(Dataset excerpts)

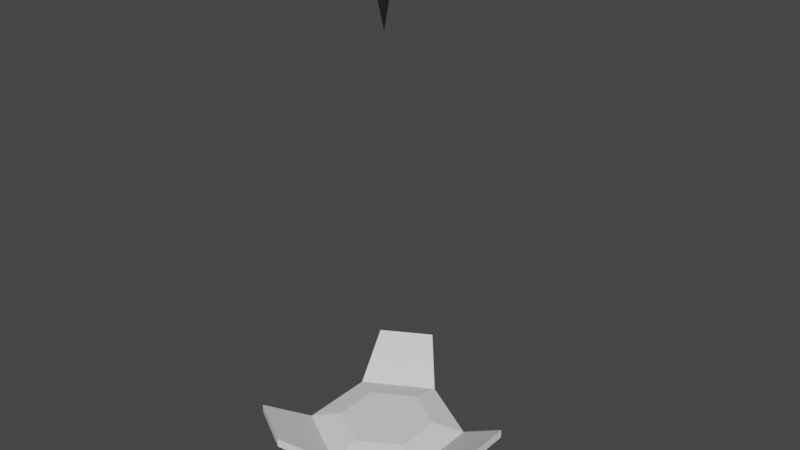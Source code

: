 # Source: up_cann03_A1_.blend  (saved by Blender 2.92.15; exported with 4.5.12 LTS)
import bpy
from mathutils import Matrix  # noqa: F401  (used for matrix-valued properties, if any)

bpy.ops.wm.read_factory_settings(use_empty=True)
scene = bpy.context.scene
scene.name = 'Scene'

# ---- collections
col_collection = bpy.data.collections.new('Collection'); scene.collection.children.link(col_collection)

# ---- materials (node trees are filled in below, after node groups)
mat_default = bpy.data.materials.new('default')
mat_default.use_transparent_shadow = False
mat_default.diffuse_color = (0.588, 0.588, 0.588, 1.0)
mat_default.roughness = 0.8586
mat_default.specular_intensity = 0.0
mat_default.metallic = 1.0

# ---- material node trees
mat_default.use_nodes = True; mat_default.node_tree.nodes.clear()
_N = mat_default.node_tree.nodes; _L = mat_default.node_tree.links
n0 = _N.new('ShaderNodeBsdfPrincipled'); n0.name = 'Principled BSDF'; n0.location = (10, 300)
n0.distribution = 'GGX'
n0.subsurface_method = 'BURLEY'
n0.inputs[0].default_value = (0.588, 0.588, 0.588, 1.0)
n0.inputs[1].default_value = 1.0
n0.inputs[2].default_value = 0.8586
n0.inputs[3].default_value = 1.45
n0.inputs[13].default_value = 0.0
n0.inputs[27].default_value = (0.0, 0.0, 0.0, 1.0)
n1 = _N.new('ShaderNodeOutputMaterial'); n1.name = 'Material Output'; n1.location = (300, 300)
n2 = _N.new('ShaderNodeNormalMap'); n2.name = 'Normal Map'; n2.location = (-300, -300)
n2.label = 'Normal/Map'
_L.new(n0.outputs[0], n1.inputs[0])
_L.new(n2.outputs[0], n0.inputs[5])
n1.is_active_output = True

# ---- world
world_world = bpy.data.worlds.new('World'); scene.world = world_world
world_world.use_nodes = True; world_world.node_tree.nodes.clear()
_N = world_world.node_tree.nodes; _L = world_world.node_tree.links
n0 = _N.new('ShaderNodeOutputWorld'); n0.name = 'World Output'; n0.location = (300, 300)
n1 = _N.new('ShaderNodeBackground'); n1.name = 'Background'; n1.location = (10, 300)
n1.inputs[0].default_value = (0.05088, 0.05088, 0.05088, 1.0)
_L.new(n1.outputs[0], n0.inputs[0])
n0.is_active_output = True
world_world.color = (0.05088, 0.05088, 0.05088)
world_world.use_sun_shadow = False
world_world.sun_shadow_jitter_overblur = 0.0

# ---- meshes
me_mesh_002 = bpy.data.meshes.new('Mesh.002')
me_mesh_002.from_pydata([(3.579e-08, 5.231e-09, 0.1088), (3.579e-08, -1.046e-08, -0.2502), (0.0718, 5.231e-09, 0.1088), (-0.0359, -0.06218, 0.1088), (-0.0359, 0.06218, 0.1088)], [], [(3, 2, 0), (2, 3, 1), (4, 3, 0), (3, 4, 1), (2, 4, 0), (4, 2, 1)])
me_mesh_002.polygons.foreach_set('use_smooth', [True] * 6)
_uv = me_mesh_002.uv_layers.new(name='UVChannel_1')
_uv.uv.foreach_set('vector', [0.0, 0.0, 0.0, 0.0, 0.0, 0.0, 0.0, 0.0, 0.0, 0.0, 0.0, 0.0, 0.0, 0.0, 0.0, 0.0, 0.0, 0.0, 0.0, 0.0, 0.0, 0.0, 0.0, 0.0, 0.0, 0.0, 0.0, 0.0, 0.0, 0.0, 0.0, 0.0, 0.0, 0.0, 0.0, 0.0])
me_mesh_002.materials.append(mat_default)
me_mesh_002.use_remesh_fix_poles = True
me_mesh_002.use_remesh_preserve_attributes = False
me_mesh_002.use_mirror_vertex_groups = False
me_mesh_002.update()
me_mesh_002.normals_split_custom_set([tuple(v) for v in zip(*[iter([-0.4378, -0.7583, 0.483, 0.8756, 0.0, 0.483, 0.0, 0.0, 1.0, 0.8756, 0.0, 0.483, -0.4378, -0.7583, 0.483, -1.463e-06, 1.463e-06, -1.0, -0.4378, 0.7583, 0.483, -0.4378, -0.7583, 0.483, 0.0, 0.0, 1.0, -0.4378, -0.7583, 0.483, -0.4378, 0.7583, 0.483, -1.463e-06, 1.463e-06, -1.0, 0.8756, 0.0, 0.483, -0.4378, 0.7583, 0.483, 0.0, 0.0, 1.0, -0.4378, 0.7583, 0.483, 0.8756, 0.0, 0.483, -1.463e-06, 1.463e-06, -1.0])] * 3)])
me_mesh_003 = bpy.data.meshes.new('Mesh.003')
me_mesh_003.from_pydata([(3.579e-08, 5.231e-09, 0.1088), (3.579e-08, -1.046e-08, -0.2502), (0.0718, 5.231e-09, 0.1088), (-0.0359, -0.06218, 0.1088), (-0.0359, 0.06218, 0.1088)], [], [(3, 2, 0), (2, 3, 1), (4, 3, 0), (3, 4, 1), (2, 4, 0), (4, 2, 1)])
me_mesh_003.polygons.foreach_set('use_smooth', [True] * 6)
_uv = me_mesh_003.uv_layers.new(name='UVChannel_1')
_uv.uv.foreach_set('vector', [0.0, 0.0, 0.0, 0.0, 0.0, 0.0, 0.0, 0.0, 0.0, 0.0, 0.0, 0.0, 0.0, 0.0, 0.0, 0.0, 0.0, 0.0, 0.0, 0.0, 0.0, 0.0, 0.0, 0.0, 0.0, 0.0, 0.0, 0.0, 0.0, 0.0, 0.0, 0.0, 0.0, 0.0, 0.0, 0.0])
me_mesh_003.materials.append(mat_default)
me_mesh_003.use_remesh_fix_poles = True
me_mesh_003.use_remesh_preserve_attributes = False
me_mesh_003.use_mirror_vertex_groups = False
me_mesh_003.update()
me_mesh_003.normals_split_custom_set([tuple(v) for v in zip(*[iter([-0.4378, -0.7583, 0.483, 0.8756, 0.0, 0.483, 0.0, 0.0, 1.0, 0.8756, 0.0, 0.483, -0.4378, -0.7583, 0.483, -1.463e-06, 1.463e-06, -1.0, -0.4378, 0.7583, 0.483, -0.4378, -0.7583, 0.483, 0.0, 0.0, 1.0, -0.4378, -0.7583, 0.483, -0.4378, 0.7583, 0.483, -1.463e-06, 1.463e-06, -1.0, 0.8756, 0.0, 0.483, -0.4378, 0.7583, 0.483, 0.0, 0.0, 1.0, -0.4378, 0.7583, 0.483, 0.8756, 0.0, 0.483, -1.463e-06, 1.463e-06, -1.0])] * 3)])
me_mesh = bpy.data.meshes.new('Mesh')
me_mesh.from_pydata([(3.579e-08, 5.231e-09, 0.1088), (3.579e-08, -1.046e-08, -0.2502), (0.0718, 5.231e-09, 0.1088), (-0.0359, -0.06218, 0.1088), (-0.0359, 0.06218, 0.1088)], [], [(3, 2, 0), (2, 3, 1), (4, 3, 0), (3, 4, 1), (2, 4, 0), (4, 2, 1)])
_uv = me_mesh.uv_layers.new(name='UVChannel_1')
_uv.uv.foreach_set('vector', [0.0, 0.0, 0.0, 0.0, 0.0, 0.0, 0.0, 0.0, 0.0, 0.0, 0.0, 0.0, 0.0, 0.0, 0.0, 0.0, 0.0, 0.0, 0.0, 0.0, 0.0, 0.0, 0.0, 0.0, 0.0, 0.0, 0.0, 0.0, 0.0, 0.0, 0.0, 0.0, 0.0, 0.0, 0.0, 0.0])
me_mesh.materials.append(mat_default)
me_mesh.use_remesh_fix_poles = True
me_mesh.use_remesh_preserve_attributes = False
me_mesh.use_mirror_vertex_groups = False
me_mesh.update()
me_mesh.normals_split_custom_set([tuple(v) for v in zip(*[iter([0.0, 0.0, 1.0, 0.0, 0.0, 1.0, 0.0, 0.0, 1.0, 0.4975, -0.8617, -0.0995, 0.4975, -0.8617, -0.0995, 0.4975, -0.8617, -0.0995, 0.0, 0.0, 1.0, 0.0, 0.0, 1.0, 0.0, 0.0, 1.0, -0.995, 0.0, -0.0995, -0.995, 0.0, -0.0995, -0.995, 0.0, -0.0995, 0.0, 0.0, 1.0, 0.0, 0.0, 1.0, 0.0, 0.0, 1.0, 0.4975, 0.8617, -0.0995, 0.4975, 0.8617, -0.0995, 0.4975, 0.8617, -0.0995])] * 3)])
me_cone = bpy.data.meshes.new('Cone')
me_cone.from_pydata([(9.601e-09, 0.3078, 0.006347), (9.601e-09, 0.1847, 0.03659), (0.2666, 0.1539, 0.006347), (0.1599, 0.09234, 0.03659), (0.2666, -0.1539, 0.006347), (0.1599, -0.09234, 0.03659), (-1.731e-08, -0.3078, 0.006347), (-6.543e-09, -0.1847, 0.03659), (-0.2666, -0.1539, 0.006347), (-0.1599, -0.09234, 0.03659), (-0.2666, 0.1539, 0.006347), (-0.1599, 0.09234, 0.03659), (1.281e-08, 0.3078, -0.04031), (0.2666, 0.1539, -0.04031), (0.2666, -0.1539, -0.04031), (-1.41e-08, -0.3078, -0.04031), (-0.2666, -0.1539, -0.04031), (-0.2666, 0.1539, -0.04031), (3.38e-08, 0.181, -0.1399), (0.1568, 0.09051, -0.1399), (0.1568, -0.09051, -0.1399), (1.797e-08, -0.181, -0.1399), (-0.1568, -0.09051, -0.1399), (-0.1568, 0.09051, -0.1399), (0.4702, 0.1128, 0.14), (0.4702, -0.1128, 0.14), (-0.1374, -0.4636, 0.14), (-0.3328, -0.3508, 0.14), (-0.3328, 0.3508, 0.14), (-0.1374, 0.4636, 0.14), (0.4702, 0.1128, 0.1058), (0.4702, -0.1128, 0.1058), (-0.1374, -0.4636, 0.1058), (-0.3328, -0.3508, 0.1058), (-0.3328, 0.3508, 0.1058), (-0.1374, 0.4636, 0.1058)], [], [(0, 1, 3, 2), (2, 3, 5, 4), (4, 5, 7, 6), (6, 7, 9, 8), (3, 1, 11, 9, 7, 5), (8, 9, 11, 10), (10, 11, 1, 0), (4, 6, 15, 14), (12, 13, 19, 18), (15, 6, 26, 32), (6, 8, 27, 26), (17, 10, 28, 34), (8, 10, 17, 16), (0, 2, 13, 12), (18, 19, 20, 21, 22, 23), (17, 12, 18, 23), (15, 16, 22, 21), (13, 14, 20, 19), (16, 17, 23, 22), (14, 15, 21, 20), (28, 29, 35, 34), (26, 27, 33, 32), (24, 25, 31, 30), (2, 4, 25, 24), (16, 15, 32, 33), (8, 16, 33, 27), (4, 14, 31, 25), (13, 2, 24, 30), (14, 13, 30, 31), (0, 12, 35, 29), (10, 0, 29, 28), (12, 17, 34, 35)])
_uv = me_cone.uv_layers.new(name='UVMap')
_uv.uv.foreach_set('vector', [1.0, 0.5, 1.0, 1.0, 0.8333, 1.0, 0.8333, 0.5, 0.8333, 0.5, 0.8333, 1.0, 0.6667, 1.0, 0.6667, 0.5, 0.6667, 0.5, 0.6667, 1.0, 0.5, 1.0, 0.5, 0.5, 0.5, 0.5, 0.5, 1.0, 0.3333, 1.0, 0.3333, 0.5, 0.4578, 0.37, 0.25, 0.49, 0.04215, 0.37, 0.04215, 0.13, 0.25, 0.01, 0.4578, 0.13, 0.3333, 0.5, 0.3333, 1.0, 0.1667, 1.0, 0.1667, 0.5, 0.1667, 0.5, 0.1667, 1.0, -8.941e-08, 1.0, -8.941e-08, 0.5, 0.6667, 0.5, 0.5, 0.5, 0.5, 0.5, 0.6667, 0.5, 1.0, 0.5, 0.8333, 0.5, 0.8333, 0.5, 1.0, 0.5, 0.5, 0.5, 0.5, 0.5, 0.5, 0.5, 0.5, 0.5, 0.5, 0.5, 0.3333, 0.5, 0.3333, 0.5, 0.5, 0.5, 0.1667, 0.5, 0.1667, 0.5, 0.1667, 0.5, 0.1667, 0.5, 0.3333, 0.5, 0.1667, 0.5, 0.1667, 0.5, 0.3333, 0.5, 1.0, 0.5, 0.8333, 0.5, 0.8333, 0.5, 1.0, 0.5, 0.75, 0.49, 0.9578, 0.37, 0.9578, 0.13, 0.75, 0.01, 0.5422, 0.13, 0.5422, 0.37, 0.1667, 0.5, -8.941e-08, 0.5, -8.941e-08, 0.5, 0.1667, 0.5, 0.5, 0.5, 0.3333, 0.5, 0.3333, 0.5, 0.5, 0.5, 0.8333, 0.5, 0.6667, 0.5, 0.6667, 0.5, 0.8333, 0.5, 0.3333, 0.5, 0.1667, 0.5, 0.1667, 0.5, 0.3333, 0.5, 0.6667, 0.5, 0.5, 0.5, 0.5, 0.5, 0.6667, 0.5, 0.1667, 0.5, -8.941e-08, 0.5, -8.941e-08, 0.5, 0.1667, 0.5, 0.5, 0.5, 0.3333, 0.5, 0.3333, 0.5, 0.5, 0.5, 0.8333, 0.5, 0.6667, 0.5, 0.6667, 0.5, 0.8333, 0.5, 0.8333, 0.5, 0.6667, 0.5, 0.6667, 0.5, 0.8333, 0.5, 0.3333, 0.5, 0.5, 0.5, 0.5, 0.5, 0.3333, 0.5, 0.3333, 0.5, 0.3333, 0.5, 0.3333, 0.5, 0.3333, 0.5, 0.6667, 0.5, 0.6667, 0.5, 0.6667, 0.5, 0.6667, 0.5, 0.8333, 0.5, 0.8333, 0.5, 0.8333, 0.5, 0.8333, 0.5, 0.6667, 0.5, 0.8333, 0.5, 0.8333, 0.5, 0.6667, 0.5, 1.0, 0.5, 1.0, 0.5, 1.0, 0.5, 1.0, 0.5, 0.1667, 0.5, -8.941e-08, 0.5, -8.941e-08, 0.5, 0.1667, 0.5, -8.941e-08, 0.5, 0.1667, 0.5, 0.1667, 0.5, -8.941e-08, 0.5])
me_cone.use_remesh_fix_poles = True
me_cone.use_remesh_preserve_attributes = False
me_cone.use_mirror_vertex_groups = False
me_cone.update()

# ---- objects
ob_hp_light_1 = bpy.data.objects.new('hp_light_1', me_mesh_002)
ob_hp_emit_1 = bpy.data.objects.new('hp_emit_1', me_mesh_003)
ob_hp_dummyroot = bpy.data.objects.new('hp_dummyroot', me_mesh)
ob_base1 = bpy.data.objects.new('base1', me_cone)

# ---- transforms, parenting, visibility, modifiers, constraints
ob_hp_light_1.parent = ob_hp_dummyroot
ob_hp_light_1.matrix_parent_inverse = Matrix(((1.0, -0.0, 0.0, 3.579e-08), (-0.0, 1.0, -0.0, 0.0), (0.0, 0.0, 1.0, -1.973), (-0.0, 0.0, -0.0, 1.0)))
ob_hp_light_1.location = (-3.579e-08, 0.0, 1.973)
ob_hp_light_1.color = (0.8, 0.8, 0.8, 1.0)
ob_hp_light_1.lineart.crease_threshold = 0.0
ob_hp_emit_1.parent = ob_hp_dummyroot
ob_hp_emit_1.matrix_parent_inverse = Matrix(((1.0, -0.0, 0.0, 3.579e-08), (-0.0, 1.0, -0.0, 0.0), (0.0, 0.0, 1.0, -1.973), (-0.0, 0.0, -0.0, 1.0)))
ob_hp_emit_1.location = (-3.579e-08, 0.0, 1.973)
ob_hp_emit_1.color = (0.8, 0.8, 0.8, 1.0)
ob_hp_emit_1.lineart.crease_threshold = 0.0
ob_hp_dummyroot.location = (-3.579e-08, 0.0, 1.973)
ob_hp_dummyroot.color = (0.8, 0.8, 0.8, 1.0)
ob_hp_dummyroot.lineart.crease_threshold = 0.0
ob_base1.parent = ob_hp_dummyroot
ob_base1.matrix_parent_inverse = Matrix(((1.0, -0.0, 0.0, 3.579e-08), (-0.0, 1.0, -0.0, 0.0), (0.0, 0.0, 1.0, -1.973), (-0.0, 0.0, -0.0, 1.0)))
ob_base1.location = (-9.601e-09, -5.237e-09, 0.1043)
ob_base1.lineart.crease_threshold = 0.0

# ---- collection membership
col_collection.objects.link(ob_hp_light_1)
col_collection.objects.link(ob_hp_emit_1)
col_collection.objects.link(ob_hp_dummyroot)
col_collection.objects.link(ob_base1)

# ---- scene / render settings (as saved in the file)
scene.frame_start = 1; scene.frame_end = 250; scene.frame_set(1)
scene.render.engine = 'BLENDER_EEVEE_NEXT'
scene.render.fps = 30
scene.cycles.use_denoising = False
scene.cycles.samples = 128
scene.cycles.sampling_pattern = 'TABULATED_SOBOL'
scene.cycles.use_adaptive_sampling = False
scene.cycles.use_light_tree = False
scene.view_settings.view_transform = 'Filmic'
bpy.context.view_layer.update()

# ---- added for rendering (the .blend has no active camera and no usable light): camera, sun
cam_auto = bpy.data.cameras.new('AutoCamera')
cam_auto.lens = 50.0
cam_auto.sensor_width = 36.0
cam_auto.clip_end = 1000.0
ob_auto_camera = bpy.data.objects.new('AutoCamera', cam_auto)
scene.collection.objects.link(ob_auto_camera)
ob_auto_camera.location = (2.33297, -2.71713, 2.83464)
ob_auto_camera.rotation_euler = (1.09748, -7.21219e-08, 0.694738)
scene.camera = ob_auto_camera
light_auto_sun = bpy.data.lights.new('AutoSun', 'SUN')
light_auto_sun.energy = 3.0
light_auto_sun.angle = 0.0523599
ob_auto_sun = bpy.data.objects.new('AutoSun', light_auto_sun)
scene.collection.objects.link(ob_auto_sun)
ob_auto_sun.rotation_euler = (0.872665, 0.174533, 0.523599)
bpy.context.view_layer.update()

→ **EXERCISE INSTRUCTIONS**:
Looking at the data above, write out exactly the lines that start at the one containing "ob_base1.location = (-9.601e-09, -5.237e-09, 0.1043)" and end at the one containing "cam_auto.sensor_width = 36.0"; include both and nothing beyond.

→ **RESULT**:
ob_base1.location = (-9.601e-09, -5.237e-09, 0.1043)
ob_base1.lineart.crease_threshold = 0.0

# ---- collection membership
col_collection.objects.link(ob_hp_light_1)
col_collection.objects.link(ob_hp_emit_1)
col_collection.objects.link(ob_hp_dummyroot)
col_collection.objects.link(ob_base1)

# ---- scene / render settings (as saved in the file)
scene.frame_start = 1; scene.frame_end = 250; scene.frame_set(1)
scene.render.engine = 'BLENDER_EEVEE_NEXT'
scene.render.fps = 30
scene.cycles.use_denoising = False
scene.cycles.samples = 128
scene.cycles.sampling_pattern = 'TABULATED_SOBOL'
scene.cycles.use_adaptive_sampling = False
scene.cycles.use_light_tree = False
scene.view_settings.view_transform = 'Filmic'
bpy.context.view_layer.update()

# ---- added for rendering (the .blend has no active camera and no usable light): camera, sun
cam_auto = bpy.data.cameras.new('AutoCamera')
cam_auto.lens = 50.0
cam_auto.sensor_width = 36.0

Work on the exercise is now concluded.